At the research stage, students might use a variety of different mediums to find out about their topic. This could include books, articles, websites, videos, or even experts on the subject (either in the local community or those you find online) – interviewing someone gives them valuable experience and helps them see how their chosen topic relates to the real world. Your students should keep detailed notes so that they don’t forget what they have learnt; this will also help to prepare them for future study. You might also decide to teach them how to reference and how to evaluate the accuracy of a source.

Creating, Presenting, and Reflecting

Once they have finished researching, they can use the data they have collected to create their project. It might be in the form of a PowerPoint presentation, written report, video, painting, or something made out of papier-mâché – it all depends on the project.

The finished product is then presented to the class, teacher, and whoever else you decide to invite (some teachers ask parents and other staff to come in and watch). The students don’t necessarily have to talk through the project in front of the class – they might find this intimidating, and may prefer to simply show it to everyone. Also consider setting a time limit for each presentation, and recording to give each student feedback afterwards.

Finally, ask your students to reflect (whether in a journal, a worksheet, or reflection video): what went well? What did they learn? Would they do anything differently? What is their target for next time?

Ideas & Lesson Plans for Genius Hour

The most important thing with genius hour is to let students explore their interests. Don’t cut the brainstorming short – an idea that they’re passionate about makes the whole process much more valuable. If students can’t decide what to do, try using a ‘wonder wall’ (a space where they put sticky notes with problems they want to solve), websites like Thrively (which show children their strengths), or worksheets with questions to get them thinking (for example, what’s happening in the world currently that you’re interested in? What has made you say ‘wow’ recently?). 

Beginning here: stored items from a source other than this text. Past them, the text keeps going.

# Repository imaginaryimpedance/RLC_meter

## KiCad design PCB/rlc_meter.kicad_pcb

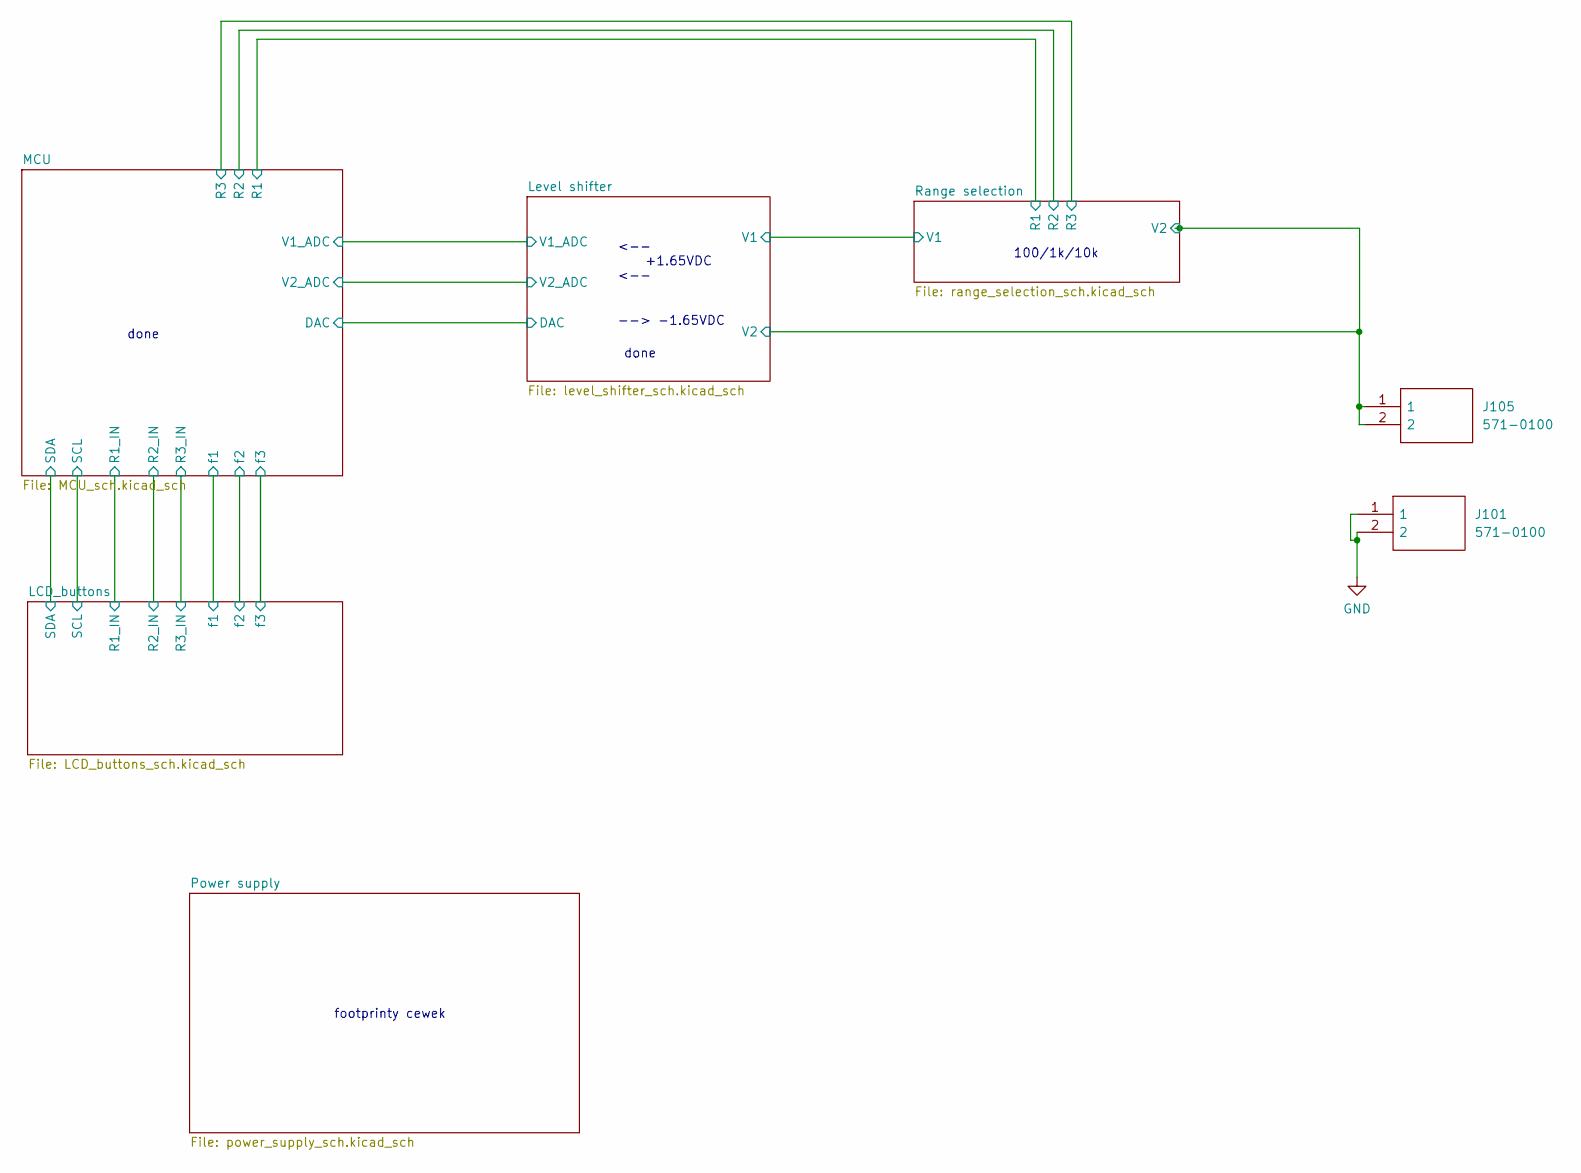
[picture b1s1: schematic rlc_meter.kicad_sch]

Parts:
J101, J105: 571-0100; 5710100; Manufacturer_Part_Number 571-0100; Mouser Part Number 164-6218

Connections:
/Level shifter/V2: J105.1, J105.2; also elsewhere on the board
GND: J101.1, J101.2; also elsewhere on the board

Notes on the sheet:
100/1k/10k
<-- +1.65VDC <--
footprinty cewek
done
--> -1.65VDC

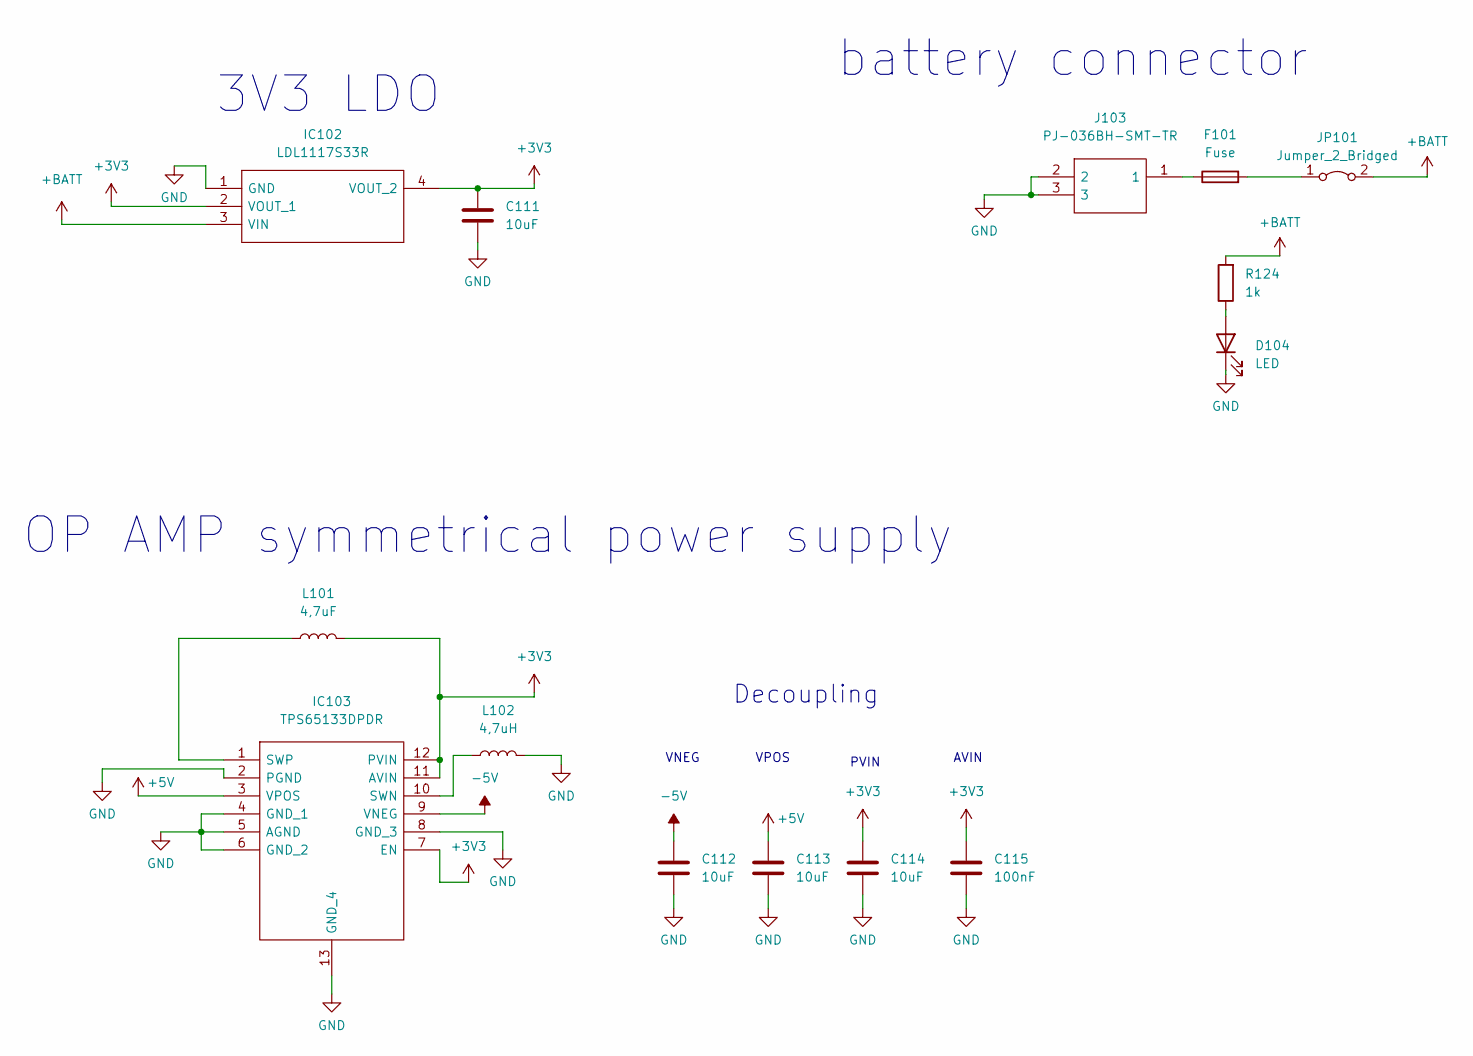
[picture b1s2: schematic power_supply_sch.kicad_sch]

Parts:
C111, C112, C113, C114: 10uF; C_1206_3216Metric
C115: 100nF; C_1206_3216Metric
D104: LED; LED_1206_3216Metric
F101: Fuse; Fuse_1206_3216Metric
IC102: LDL1117S33R; SOT230P700X180-4N; Manufacturer_Part_Number LDL1117S33R; Mouser Part Number 511-LDL1117S33R
IC103: TPS65133DPDR; SON45P300X300X80-13N-D; Manufacturer_Part_Number TPS65133DPDR; Mouser Part Number 595-TPS65133DPDR
J103: PJ-036BH-SMT-TR; PJ036BHSMTTR; Manufacturer_Part_Number PJ-036BH-SMT-TR; Mouser Part Number 490-PJ-036BH-SMT-TR
JP101: Jumper_2_Bridged; PinHeader_1x02_P2.54mm_Vertical_SMD_Pin1Right
L101: 4,7uF; 744031004
L102: 4,7uH; 744031004
R124: 1k; R_1206_3216Metric

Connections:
+3V3: C111.1, C114.1, C115.1, IC102.2 (VOUT_1), IC102.4 (VOUT_2), IC103.7 (EN), IC103.11 (AVIN), IC103.12 (PVIN), L101.2; also elsewhere on the board
+5V: C113.1, IC103.3 (VPOS); also elsewhere on the board
+BATT: IC102.3 (VIN), JP101.2 (B), R124.2
-5V: C112.1, IC103.9 (VNEG); also elsewhere on the board
GND: C111.2, C112.2, C113.2, C114.2, C115.2, D104.1 (K), IC102.1 (GND), IC103.2 (PGND), IC103.4 (GND_1), IC103.5 (AGND), IC103.6 (GND_2), IC103.8 (GND_3), IC103.13 (GND_4), J103.2, J103.3, L102.2; also elsewhere on the board
unnamed: D104.2 (A), R124.1
unnamed: F101.1, J103.1
unnamed: F101.2, JP101.1 (A)
unnamed: IC103.1 (SWP), L101.1
unnamed: IC103.10 (SWN), L102.1

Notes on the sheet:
battery connector
3V3 LDO
VPOS
PVIN
OP AMP symmetrical power supply
AVIN
Decoupling
VNEG

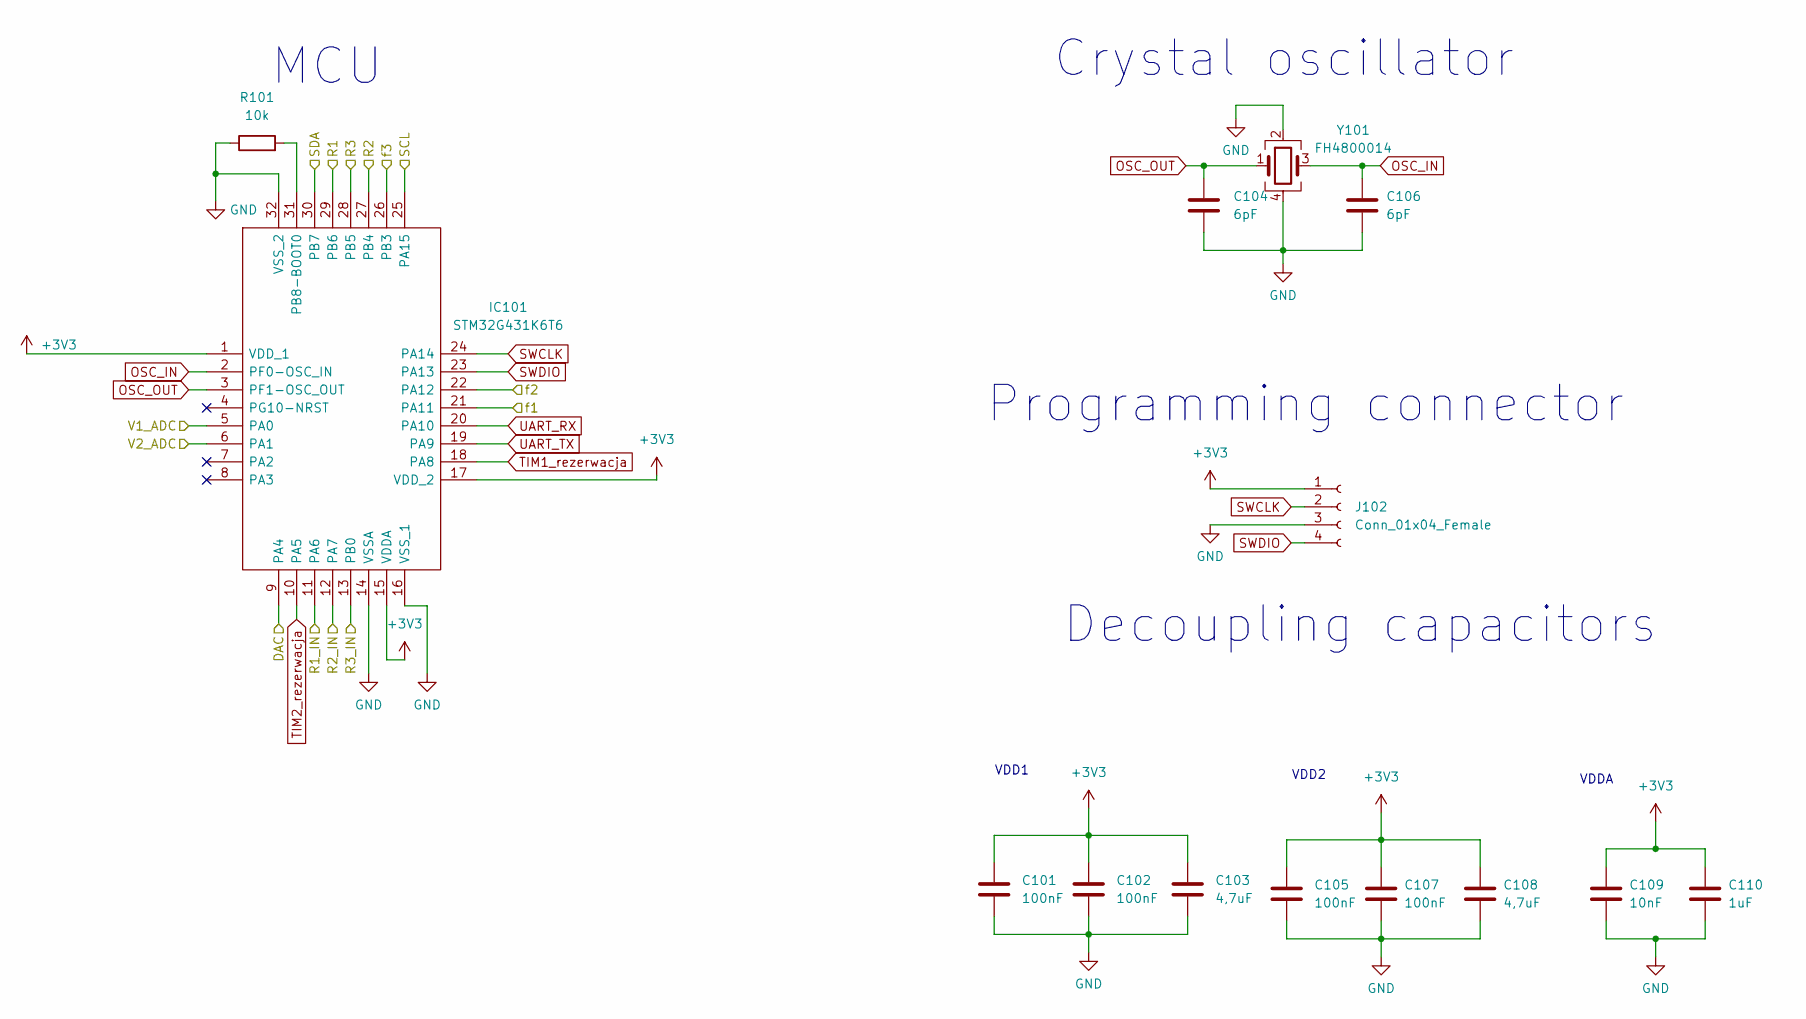
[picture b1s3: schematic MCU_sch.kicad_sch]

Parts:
C101, C102, C105, C107: 100nF; C_1206_3216Metric
C103, C108: 4,7uF; C_1206_3216Metric
C104, C106: 6pF; C_1206_3216Metric
C109: 10nF; C_1206_3216Metric
C110: 1uF; C_1206_3216Metric
IC101: STM32G431K6T6; QFP80P900X900X160-32N; Manufacturer_Part_Number STM32G431K6T6; Mouser Part Number 511-STM32G431K6T6
J102: Conn_01x04_Female; PinHeader_1x04_P2.54mm_Vertical_SMD_Pin1Left
R101: 10k; R_1206_3216Metric
Y101: FH4800014

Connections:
+3V3: C101.1, C102.1, C103.1, C105.1, C107.1, C108.1, C109.1, C110.1, IC101.1 (VDD_1), IC101.15 (VDDA), IC101.17 (VDD_2), J102.1; also elsewhere on the board
/LCD_buttons/R1_IN: IC101.11 (PA6); also elsewhere on the board
/LCD_buttons/R2_IN: IC101.12 (PA7); also elsewhere on the board
/LCD_buttons/R3_IN: IC101.13 (PB0); also elsewhere on the board
/LCD_buttons/SCL: IC101.25 (PA15); also elsewhere on the board
/LCD_buttons/SDA: IC101.30 (PB7); also elsewhere on the board
/LCD_buttons/f1: IC101.21 (PA11); also elsewhere on the board
/LCD_buttons/f2: IC101.22 (PA12); also elsewhere on the board
/LCD_buttons/f3: IC101.26 (PB3); also elsewhere on the board
/Level shifter/DAC: IC101.9 (PA4); also elsewhere on the board
/Level shifter/V1_ADC: IC101.5 (PA0); also elsewhere on the board
/Level shifter/V2_ADC: IC101.6 (PA1); also elsewhere on the board
/MCU/R1: IC101.29 (PB6); also elsewhere on the board
/MCU/R2: IC101.27 (PB4); also elsewhere on the board
/MCU/R3: IC101.28 (PB5); also elsewhere on the board
GND: C101.2, C102.2, C103.2, C104.2, C105.2, C106.2, C107.2, C108.2, C109.2, C110.2, IC101.14 (VSSA), IC101.16 (VSS_1), IC101.32 (VSS_2), J102.3, R101.1, Y101.2, Y101.4; also elsewhere on the board
unnamed: IC101.31 (PB8-BOOT0), R101.2
OSC_IN: C106.1, IC101.2 (PF0-OSC_IN), Y101.3
OSC_OUT: C104.1, IC101.3 (PF1-OSC_OUT), Y101.1
SWCLK: IC101.24 (PA14), J102.2
SWDIO: IC101.23 (PA13), J102.4
TIM1_rezerwacja: IC101.18 (PA8)
TIM2_rezerwacja: IC101.10 (PA5)
UART_RX: IC101.20 (PA10)
UART_TX: IC101.19 (PA9)

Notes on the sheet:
VDD2
MCU
VDD1
VDDA
Decoupling capacitors
Crystal oscillator
Programming connector

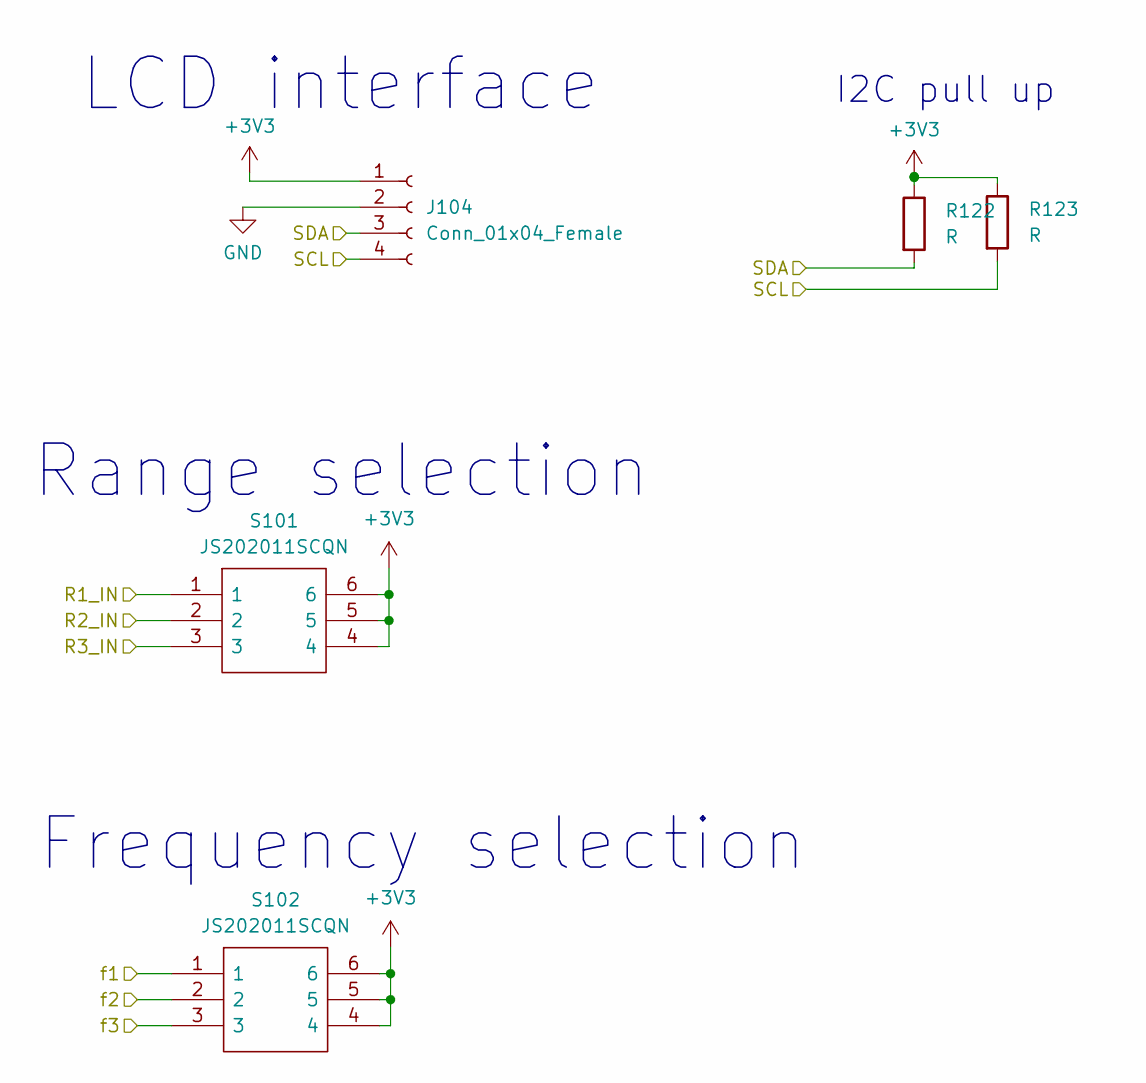
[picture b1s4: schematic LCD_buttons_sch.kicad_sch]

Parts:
J104: Conn_01x04_Female; PinHeader_1x04_P2.54mm_Vertical_SMD_Pin1Left
R122, R123: R; R_1206_3216Metric
S101, S102: JS202011SCQN; Manufacturer_Part_Number JS202011SCQN; Mouser Part Number 611-JS202011SCQN

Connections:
+3V3: J104.1, R122.1, R123.1, S101.4, S101.5, S101.6, S102.4, S102.5, S102.6; also elsewhere on the board
/LCD_buttons/R1_IN: S101.1; also elsewhere on the board
/LCD_buttons/R2_IN: S101.2; also elsewhere on the board
/LCD_buttons/R3_IN: S101.3; also elsewhere on the board
/LCD_buttons/SCL: J104.4, R123.2; also elsewhere on the board
/LCD_buttons/SDA: J104.3, R122.2; also elsewhere on the board
/LCD_buttons/f1: S102.1; also elsewhere on the board
/LCD_buttons/f2: S102.2; also elsewhere on the board
/LCD_buttons/f3: S102.3; also elsewhere on the board
GND: J104.2; also elsewhere on the board

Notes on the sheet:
I2C pull up
LCD interface
Frequency selection
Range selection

We have collated 20 good examples of genius hour projects:

  1. Create a podcast.
  2. Write a poem, play, song, story, blog, or whole book.
  3. Learn a new language or create your own.
  4. Teach a younger student a skill.
  5. Build a website or make an app.
  6. Make your own video game or cartoon (try this website for help with videogames and this for cartoons).
  7. Learn to code.
  8. Investigate different careers.
  9. Paint a picture or learn photography.
  10. Design a 3D model.
  11. Create your own board game.
  12. Create your own sport.
  13. Watch TED talks and make your own.
  14. Investigate a time period or event in history.
  15. Design your own clothes or makeup.
  16. Learn more about a type of animal you’re interested in.
  17. Learn how to sew.
  18. Create, market, and sell a product you design.
  19. Carry out a science experiment or create a science cookery book.
  20. Make a sculpture.

Give these initial ideas to your students and see what they come up with – it might help to spark their creativity!

Genius hour is a great way to get your students excited about learning, as well as exploring their own interests, and building their independent learning skills. It might initially seem daunting, but many teachers have found it revolutionary – we hope this article has given you the confidence to try it.